_WHAT NEEDS TO BE DONE_. Please give back only the lines below from the one containing "Linear Quadcopter Near Zero/1(X)" to the one containing "Pitch function/1(u2) -> Scope1/2", each repeated word for word, both ends included.

_DATA LISTING_.
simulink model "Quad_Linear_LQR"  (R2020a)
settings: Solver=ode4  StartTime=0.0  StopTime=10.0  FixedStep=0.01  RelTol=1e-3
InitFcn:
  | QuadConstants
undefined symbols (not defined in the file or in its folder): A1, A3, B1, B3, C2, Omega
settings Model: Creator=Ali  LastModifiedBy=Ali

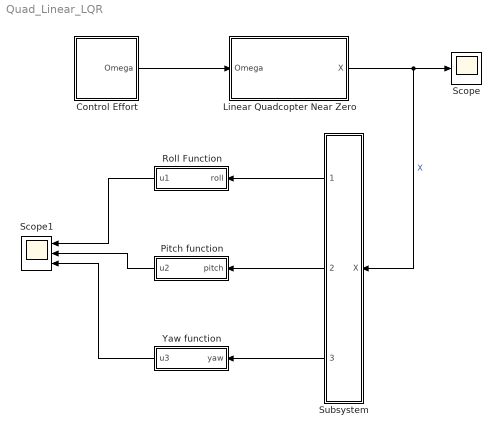
== system Quad_Linear_LQR ==
  Control Effort : Subsystem
  Linear Quadcopter Near Zero : Subsystem
  Pitch function : MATLAB Function  TreatAsAtomicUnit=on
  Roll Function : MATLAB Function  TreatAsAtomicUnit=on
  Scope : Scope
  Scope1 : Scope  NumInputPorts=3
  Subsystem : Subsystem
  Yaw function : MATLAB Function  TreatAsAtomicUnit=on
  wires:
  Control Effort/1(Omega) -> Linear Quadcopter Near Zero/1(Omega)
  Linear Quadcopter Near Zero/1(X) -> Subsystem/1(X), Scope/1  "X"
  Subsystem/1(roll) -> Roll Function/1(roll)
  Subsystem/2(pitch) -> Pitch function/1(pitch)
  Subsystem/3(yaw) -> Yaw function/1(yaw)
  Roll Function/1(u1) -> Scope1/1
  Pitch function/1(u2) -> Scope1/2
  Yaw function/1(u3) -> Scope1/3

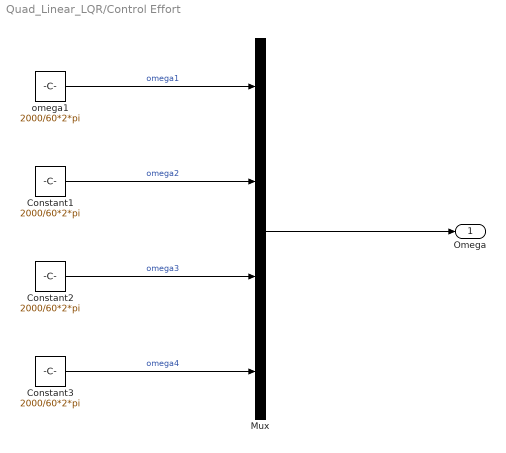
== system Quad_Linear_LQR/Control Effort ==
  Constant1 : Constant  Value=2000/60*2*pi
  Constant2 : Constant  Value=2000/60*2*pi
  Constant3 : Constant  Value=2000/60*2*pi
  Mux : Mux
  omega1 : Constant  Value=2000/60*2*pi
  Omega : Outport
  wires:
  Constant1/1 -> Mux/2  "omega2"
  Constant2/1 -> Mux/3  "omega3"
  Constant3/1 -> Mux/4  "omega4"
  omega1/1 -> Mux/1  "omega1"
  Mux/1 -> Omega/1

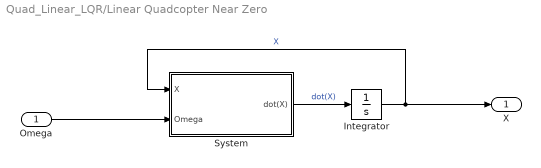
== system Quad_Linear_LQR/Linear Quadcopter Near Zero ==
  Omega : Inport
  Integrator : Integrator
  System : Subsystem
  X : Outport
  wires:
  Integrator/1 -> X/1, System/1(X)  "X"
  System/1(dot(X)) -> Integrator/1  "dot(X)"
  Omega/1 -> System/2(Omega)

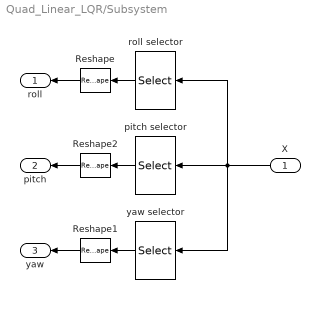
== system Quad_Linear_LQR/Subsystem ==
  X : Inport
  Reshape : Reshape  OutputDimensionality=Column vector (2-D)
  Reshape1 : Reshape  OutputDimensionality=Column vector (2-D)
  Reshape2 : Reshape  OutputDimensionality=Column vector (2-D)
  pitch selector : Selector  InputPortWidth=6  IndexOptions=Index vector (dialog)  Indices=[2 5]  OutputSizes=1
  roll selector : Selector  InputPortWidth=6  IndexOptions=Index vector (dialog)  Indices=[1 4]  OutputSizes=1
  yaw selector : Selector  InputPortWidth=6  IndexOptions=Index vector (dialog)  Indices=[3 6]  OutputSizes=1
  roll : Outport
  pitch : Outport  Port=2
  yaw : Outport  Port=3
  wires:
  X/1 -> yaw selector/1, roll selector/1, pitch selector/1
  roll selector/1 -> Reshape/1
  pitch selector/1 -> Reshape2/1
  yaw selector/1 -> Reshape1/1
  Reshape/1 -> roll/1
  Reshape2/1 -> pitch/1
  Reshape1/1 -> yaw/1

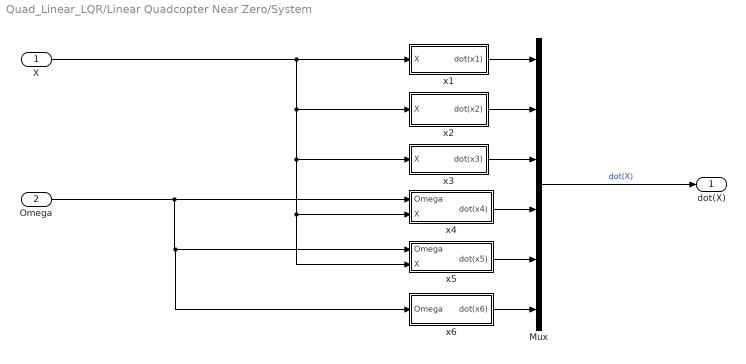
== system Quad_Linear_LQR/Linear Quadcopter Near Zero/System ==
  X : Inport
  Omega : Inport  Port=2
  Mux : Mux  Inputs=6
  x1 : Subsystem
  x2 : Subsystem
  x3 : Subsystem
  x4 : Subsystem
  x5 : Subsystem
  x6 : Subsystem
  dot(X) : Outport
  wires:
  Omega/1 -> x4/1(Omega), x6/1(Omega), x5/1(Omega)
  x6/1(dot(x6)) -> Mux/6
  x3/1(dot(x3)) -> Mux/3
  x4/1(dot(x4)) -> Mux/4
  x2/1(dot(x2)) -> Mux/2
  X/1 -> x5/2(X), x4/2(X), x3/1(X), x2/1(X), x1/1(X)
  x5/1(dot(x5)) -> Mux/5
  x1/1(dot(x1)) -> Mux/1
  Mux/1 -> dot(X)/1  "dot(X)"

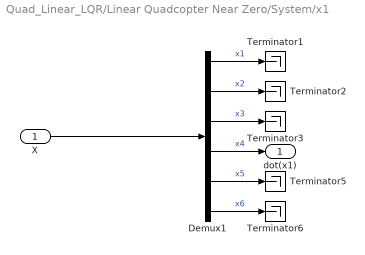
== system Quad_Linear_LQR/Linear Quadcopter Near Zero/System/x1 ==
  X : Inport
  Demux1 : Demux  Outputs=6
  Terminator{1..3,5..6} (5 alike) : Terminator
  dot(x1) : Outport
  wires:
  Demux1/4 -> dot(x1)/1  "x4"
  X/1 -> Demux1/1
  Demux1/6 -> Terminator6/1  "x6"
  Demux1/5 -> Terminator5/1  "x5"
  Demux1/3 -> Terminator3/1  "x3"
  Demux1/2 -> Terminator2/1  "x2"
  Demux1/1 -> Terminator1/1  "x1"

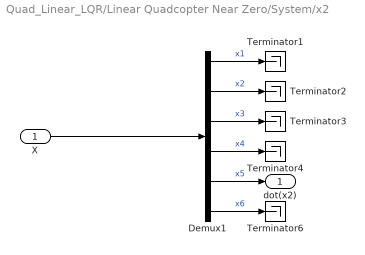
== system Quad_Linear_LQR/Linear Quadcopter Near Zero/System/x2 ==
  X : Inport
  Demux1 : Demux  Outputs=6
  Terminator{1..4,6} (5 alike) : Terminator
  dot(x2) : Outport
  wires:
  Demux1/4 -> Terminator4/1  "x4"
  X/1 -> Demux1/1
  Demux1/6 -> Terminator6/1  "x6"
  Demux1/5 -> dot(x2)/1  "x5"
  Demux1/3 -> Terminator3/1  "x3"
  Demux1/2 -> Terminator2/1  "x2"
  Demux1/1 -> Terminator1/1  "x1"

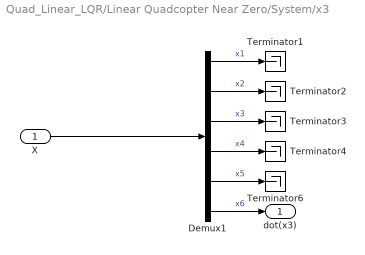
== system Quad_Linear_LQR/Linear Quadcopter Near Zero/System/x3 ==
  X : Inport
  Demux1 : Demux  Outputs=6
  Terminator{1..4,6} (5 alike) : Terminator
  dot(x3) : Outport
  wires:
  Demux1/4 -> Terminator4/1  "x4"
  X/1 -> Demux1/1
  Demux1/6 -> dot(x3)/1  "x6"
  Demux1/5 -> Terminator6/1  "x5"
  Demux1/3 -> Terminator3/1  "x3"
  Demux1/2 -> Terminator2/1  "x2"
  Demux1/1 -> Terminator1/1  "x1"

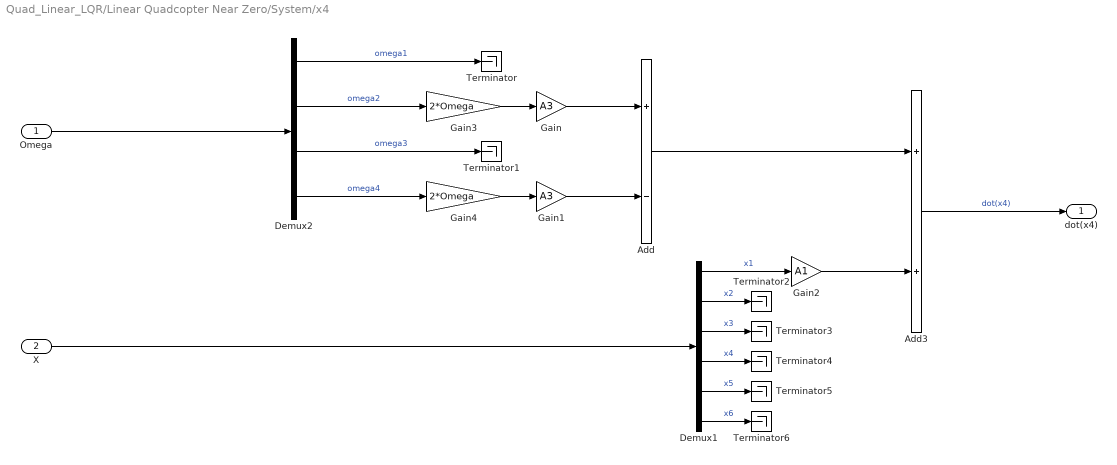
== system Quad_Linear_LQR/Linear Quadcopter Near Zero/System/x4 ==
  Omega : Inport
  X : Inport  Port=2
  Add : Sum  Inputs=+-
  Add3 : Sum
  Demux1 : Demux  Outputs=6
  Demux2 : Demux
  Gain : Gain  Gain=A3
  Gain1 : Gain  Gain=A3
  Gain2 : Gain  Gain=A1
  Gain3 : Gain  Gain=2*Omega
  Gain4 : Gain  Gain=2*Omega
  Terminator{,1..6} (7 alike) : Terminator
  dot(x4) : Outport
  wires:
  Gain2/1 -> Add3/2
  Gain1/1 -> Add/2
  Gain/1 -> Add/1
  Demux2/4 -> Gain4/1  "omega4"
  Demux2/2 -> Gain3/1  "omega2"
  Demux2/3 -> Terminator1/1  "omega3"
  Demux2/1 -> Terminator/1  "omega1"
  Demux1/5 -> Terminator5/1  "x5"
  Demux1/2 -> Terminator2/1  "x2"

_RESULT BELOW_.
  Linear Quadcopter Near Zero/1(X) -> Subsystem/1(X), Scope/1  "X"
  Subsystem/1(roll) -> Roll Function/1(roll)
  Subsystem/2(pitch) -> Pitch function/1(pitch)
  Subsystem/3(yaw) -> Yaw function/1(yaw)
  Roll Function/1(u1) -> Scope1/1
  Pitch function/1(u2) -> Scope1/2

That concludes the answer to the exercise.